Primal Scream
More Light
Ignition/Indigo
Starkes Comeback von Bobby Gillespie – feat. Robert Plant
Hobby-Historiker behaupten ja, Goethes berühmte letzte Worte, nach denen Primal Scream ihr zehntes Album getauft haben, wären in Wirklichkeit nicht „Mehr Licht!“, sondern „Mehr nicht?“ gewesen. Mit einem „Mehr nicht?“ jedoch wird niemand das Comeback des Scream-Teams aburteilen. Was für eine eindrucksvolle musikalische Hetzjagd, auf die uns Bobby Gillespie und Andrew Ginnes, übrig gebliebenes Bodenpersonal des Creation-Labels (Gillespie begann als Drummer bei The Jesus & Mary Chain, Ginnes als The Revolving Paint Dream) scheuchen!

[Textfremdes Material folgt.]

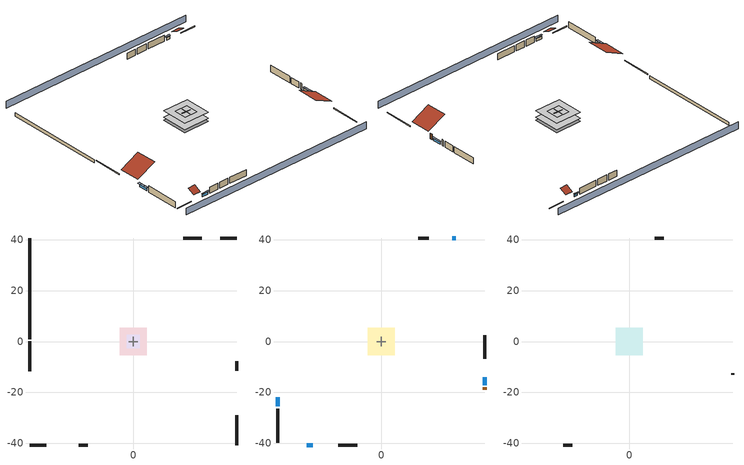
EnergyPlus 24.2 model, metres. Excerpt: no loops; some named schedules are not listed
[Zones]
crawlspace - vented
 floor foundation (Slab2 construction): -5.34,-5.34 -5.34,5.34 5.34,5.34 5.34,-5.34 z-0.91
 wall outside (RimJoist1 construction): -40.77,0.03 -40.77,-11.64 z0.3:0.61
 wall outside (RimJoist2 construction): 40.77,40.77 34.27,40.77 z0.3:0.61
 wall outside (RimJoist3 construction): 40.77,-40.77 40.77,-29.09 z0.3:0.61
 wall outside (RimJoist4 construction): -40.77,-40.77 -34.27,-40.77 z0.3:0.61
 wall foundation (FoundationWall1 construction): -40.77,40.77 -40.77,0.96 z-0.91:0.3
garage
 floor foundation (Slab1 construction): -2.59,-2.59 -2.59,2.59 2.59,2.59 2.59,-2.59 z0
 wall outside (Wall1 construction): 27,40.77 19.69,40.77 z0.3:2.74
 wall outside (Wall12 construction): -21.49,-40.77 -17.84,-40.77 z0.3:2.74
 wall outside (Wall2 construction): 40.77,-11.48 40.77,-7.82 z0.3:2.74
 wall to conditioned space (Wall5 construction Reversed): 0,1.83 0,-1.83 z0.3:2.74
 wall to conditioned space (Wall6 construction Reversed): -1.83,0 1.83,0 z0.3:2.74
conditioned space
 floor to crawlspace - vented (Floor2 construction): -5.34,-5.34 -5.34,5.34 5.34,5.34 5.34,-5.34 z0.3
 wall outside (AdiabaticWallConstruction 1): 40.77,-19.02 40.77,-18.1 z0.3:2.34
 wall outside (AdiabaticWallConstruction): -40.77,-21.94 -40.77,-25.58 z0.3:1.52; 29.36,40.77 27.93,40.77 z0.3:1.28; 40.77,-17.18 40.77,-14.02 z0.3:1.37; -29.36,-40.77 -26.98,-40.77 z0.3:1.34
 wall outside (Wall3 construction): -40.77,-26.51 -40.77,-39.84 z0.3:2.74
 wall outside (Wall4 construction): 18.76,40.77 14.57,40.77 z0.3:2.74
 wall outside (Wall7 construction): 40.77,-6.89 40.77,2.46 z0.3:2.74
 wall outside (Wall8 construction): -16.91,-40.77 -9.5,-40.77 z0.3:2.74
 window (WindowConstruction): -40.77,-21.94 -40.77,-25.58 z0.3:1.52
 window (WindowConstruction 1): 29.36,40.77 27.93,40.77 z0.3:1.28
 window (WindowConstruction 2): 40.77,-17.18 40.77,-14.02 z0.3:1.37
 window (WindowConstruction 3): -29.36,-40.77 -26.98,-40.77 z0.3:1.34
 door (Door): 40.77,-19.02 40.77,-18.1 z0.3:2.34
attic - vented
 floor to garage (Floor1 construction): -2.59,-2.59 -2.59,2.59 2.59,2.59 2.59,-2.59 z2.74
 floor to conditioned space (Floor3 construction Reversed): -5.34,-5.34 -5.34,5.34 5.34,5.34 5.34,-5.34 z2.74
 wall outside (Wall10 construction): -26.05,-40.77 -22.42,-40.77 z0.3:2.74
 wall outside (Wall11 construction): 40.77,-13.09 40.77,-12.41 z0.3:2.74
 wall outside (Wall9 construction): 13.64,40.77 10.01,40.77 z0.3:2.74
 roof outside (Roof1 construction): -40.77,-21.01,2.74 -33.22,-21.01,6.52 -33.22,-12.57,6.52 -40.77,-12.57,2.74
 roof outside (Roof2 construction): 30.29,40.77,2.74 30.29,38.03,4.11 33.35,38.03,4.11 33.35,40.77,2.74
 roof outside (Roof3 construction): -30.29,-40.77,2.74 -30.29,-38.03,4.11 -33.35,-38.03,4.11 -33.35,-40.77,2.74
 roof outside (Roof4 construction): 40.77,-19.95,2.74 33.42,-19.95,6.42 33.42,-28.16,6.42 40.77,-28.16,2.74
shading: 40.77,45.34 -40.77,45.34 / -40.77,-45.34 40.77,-45.34 z0:2.74; -40.77,-25.88 -40.77,-21.64 -41.38,-21.64 -41.38,-25.88 z1.83; 27.63,40.77 29.66,40.77 29.66,41.38 27.63,41.38 z1.58; 40.77,-13.72 40.77,-17.48 41.38,-17.48 41.38,-13.72 z1.68; -26.68,-40.77 -29.66,-40.77 -29.66,-41.38 -26.68,-41.38 z1.65
[Building]
Building 1: Terrain=Suburbs
[Site:Location]
Portland Intl Arpt_OR: Latitude {deg}=45.59; Longitude {deg}=-122.6; Time Zone {hr}=-8; Elevation {m}=33; Keep Site Location Information=Yes
[Site:GroundTemperature:Shallow]
10.2558, 8.96328, 8.85977, 9.47314, 11.9355, 14.3863, 16.5111, 17.8571, 17.9714, 16.8767, 14.8061, 12.4304
[Site:WaterMainsTemperature]
Calculation Method=Schedule; Temperature Schedule=mains temperature schedule
[Material] Roughness=Rough; Thermal Absorptance=0.9
Name | Thickness {m} | Conductivity {W/m-K} | Density {kg/m3} | Specific Heat {J/kg-K} | Solar Absorptance | Visible Absorptance
asphalt or fiberglass shingles | 0.00635 | 0.162714 | 1121.4 | 1465.45 | 0.85 | 0.85
ceiling loosefill ins | 0.0846667 | 0.0480833 | 16.02 | 1046.75 | 0.7 | 0.7
ceiling stud and cavity | 0.1397 | 1.39189 | 65.682 | 1177.47 | 0.7 | 0.7
ceiling stud and cavity 1 | 0.1397 | 0.302811 | 65.682 | 1177.47 | 0.7 | 0.7
concrete 4.0 in. | 0.1016 | 1.803125 | 2242.8 | 837.4 | 0.7 | 0.7
concrete 8.0 in. | 0.2032 | 1.803125 | 2242.8 | 837.4 | 0.7 | 0.7
door material | 0.04445 | 0.0612267 | 512.64 | 1214.23 | 0.7 | 0.7
floor covering | 0.0127 | 0.0433444 | 54.468 | 1339.84 | 0.6 | 0.6
floor stud and cavity | 0.1397 | 0.923637 | 92.3553 | 1139.71 | 0.7 | 0.7
furniture material conditioned space 1; furniture material garage 1 | 0.1524 | 0.115458 | 640.8 | 1214.23 | 0.6 | 0.6
gypsum board | 0.0127 | 0.160291 | 801 | 837.4 | 0.6 | 0.6
osb sheathing 0.5 in. | 0.0127 | 0.115458 | 512.64 | 1214.23 | 0.6 | 0.6
osb sheathing 0.5 in. 1; osb sheathing 0.5 in. 2; osb sheathing 0.5 in. 3 | 0.0127 | 0.115458 | 512.64 | 1214.23 | 0.7 | 0.7
osb sheathing 0.75 in. | 0.01905 | 0.115458 | 512.64 | 1214.23 | 0.7 | 0.7
rim joist stud and cavity | 0.0508 | 0.180225 | 50.32683 | 1063.81 | 0.6 | 0.6
roof rigid ins | 0.00281632 | 0.029427 | 32.04 | 1214.23 | 0.7 | 0.7
soil 0.5 in. | 0.0127 | 1.9041 | 1842.3 | 418.7 | 0.7 | 0.7
stucco | 0.0254 | 0.649125 | 1281.6 | 879.27 | 0.5 | 0.5
wall rigid ins | 0.512978 | 0.029427 | 32.04 | 1214.23 | 0.7 | 0.7
wall stud and cavity | 0.1397 | 0.348569 | 139.0536 | 1170.24 | 0.6 | 0.6
wall stud and cavity 1 | 0.1397 | 0.556315 | 139.0536 | 1170.24 | 0.7 | 0.7
wall stud and cavity 2 | 0.1397 | 0.680805 | 139.0536 | 1170.24 | 0.7 | 0.7
wall stud and cavity 3 | 0.0889 | 0.380278 | 52.3479 | 1209.89 | 0.7 | 0.7
wall stud and cavity 4 | 0.0889 | 0.391764 | 83.0341 | 1211.67 | 0.7 | 0.7
wood siding; wood siding 1 | 0.0254 | 0.102417 | 544.68 | 1172.36 | 0.7 | 0.7
[WindowMaterial:SimpleGlazingSystem]
WindowMaterial: U-Factor {W/m2-K}=2.15764; Solar Heat Gain Coefficient=0.44
[Construction]
AdiabaticWallConstruction: wood siding, wall rigid ins, wall stud and cavity 3, gypsum board
AdiabaticWallConstruction 1: wood siding 1, wall rigid ins, wall stud and cavity 3, gypsum board
Door: door material
Floor1 construction: ceiling stud and cavity
Floor2 construction: floor stud and cavity, osb sheathing 0.75 in., floor covering
Floor3 construction Reversed: gypsum board, ceiling stud and cavity 1, ceiling loosefill ins
FoundationWall1 construction: concrete 8.0 in.
furniture construction conditioned space 1: furniture material conditioned space 1
furniture construction garage 1: furniture material garage 1
PartitionWallConstruction: gypsum board, wall stud and cavity 4, gypsum board
RimJoist1 construction; RimJoist2 construction; RimJoist3 construction; RimJoist4 construction: stucco, rim joist stud and cavity
Roof1 construction; Roof2 construction; Roof3 construction; Roof4 construction: asphalt or fiberglass shingles, roof rigid ins, osb sheathing 0.5 in.
Slab1 construction: concrete 4.0 in.
Slab2 construction: soil 0.5 in.
Wall1 construction; Wall2 construction: stucco, osb sheathing 0.5 in. 1, wall stud and cavity
Wall10 construction; Wall11 construction; Wall12 construction; Wall9 construction: stucco, osb sheathing 0.5 in. 2, wall stud and cavity
Wall3 construction; Wall4 construction: stucco, osb sheathing 0.5 in. 1, wall stud and cavity 1, gypsum board
Wall5 construction Reversed: gypsum board, wall stud and cavity 2, osb sheathing 0.5 in. 2
Wall6 construction Reversed: gypsum board, wall stud and cavity 2, osb sheathing 0.5 in. 3
Wall7 construction; Wall8 construction: stucco, osb sheathing 0.5 in. 2, wall stud and cavity 1, gypsum board
WindowConstruction; WindowConstruction 1; WindowConstruction 2; WindowConstruction 3: WindowMaterial
[Zone] Multiplier=1; Part of Total Floor Area=Yes
Name | Volume {m3}
attic - vented | 124.583
conditioned space | 278.185
crawlspace - vented | 139.092
garage | 65.242
[Space]
Name | Zone | Volume {m3}
attic - vented 1 | attic - vented | 124.583
conditioned space 1 | conditioned space | 278.185
crawlspace - vented 1 | crawlspace - vented | 139.092
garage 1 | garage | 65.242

Die Erfinder-Plakette winkt dabei nicht zwingend als Preis, der bandeigene Fleischwolf aber erweist sich mehr als patentwürdig: Das, was Gillespie selbst „Ecstatic Utopian Rock’n’Roll“ nennt, setzt sich zusammen aus New und No Wave, Krautrock, Death Disco, Vaudeville, Slacker Blues – ist mehr PiL als Sex Pistols, aber wiederum auch mehr Jah Wobble solo als PiL. Im Sumpf wird mal sanft, mal unsanft gegroovt, dazu gesellen sich symphonische Ausreißer – über alles legt Produzent David Holmes seine heilenden Hände. Das dissonante Saxofon-Thema von „2013“, das Kernstück über den Tiefschlaf der Jugendkultur, greift die Kühle und Coolness früher Roxy-Music-Songs und der Psychedelic Furs (deren Revival für dieses Jahr hiermit vorausgesagt sei; siehe auch Westbam) der „Forever Now“-Phase auf, „Hit Void“ lässt die Traumsequenz eines Zusammentreffens von Doves und The Jesus & Mary Chain Wirklichkeit werden. Und dann noch diese Krönung: Dass sich 27 Jahre später Robert Plant als ihr Fan outen und sie mit Backing Vocals im Studio unterstützen würde, hätten sich Primal Scream bestimmt nicht träumen lassen, als sie in den 80er-Jahren mit Jingle-Jangle-Sound starteten, bevor sie zwischenzeitlich tatsächlich die Byrds wurden. Weitere Gäste zum Bestaunen: die No-Wave-Ikonen James Chance und Mark Stewart. Mehr … geht … nicht!
Mit dem Gospelrock von „It’s Alright, It’s OK“, der an Band-Klassiker wie „Come Together“ anknüpft, schließt sich der Kreis. Nie waren Primal Scream seit „Screamadelica“ so wertvoll wie heute. Während aber der Meilenstein von 1991 die Platte zum Rave-Wochenende repräsentierte, besteht „More Light“ auch im tagtäglichen Überlebenskampf. So klingt er, der Rock’n’Roll im Jahre 2013, gespielt von der ältesten jungen Band der Welt.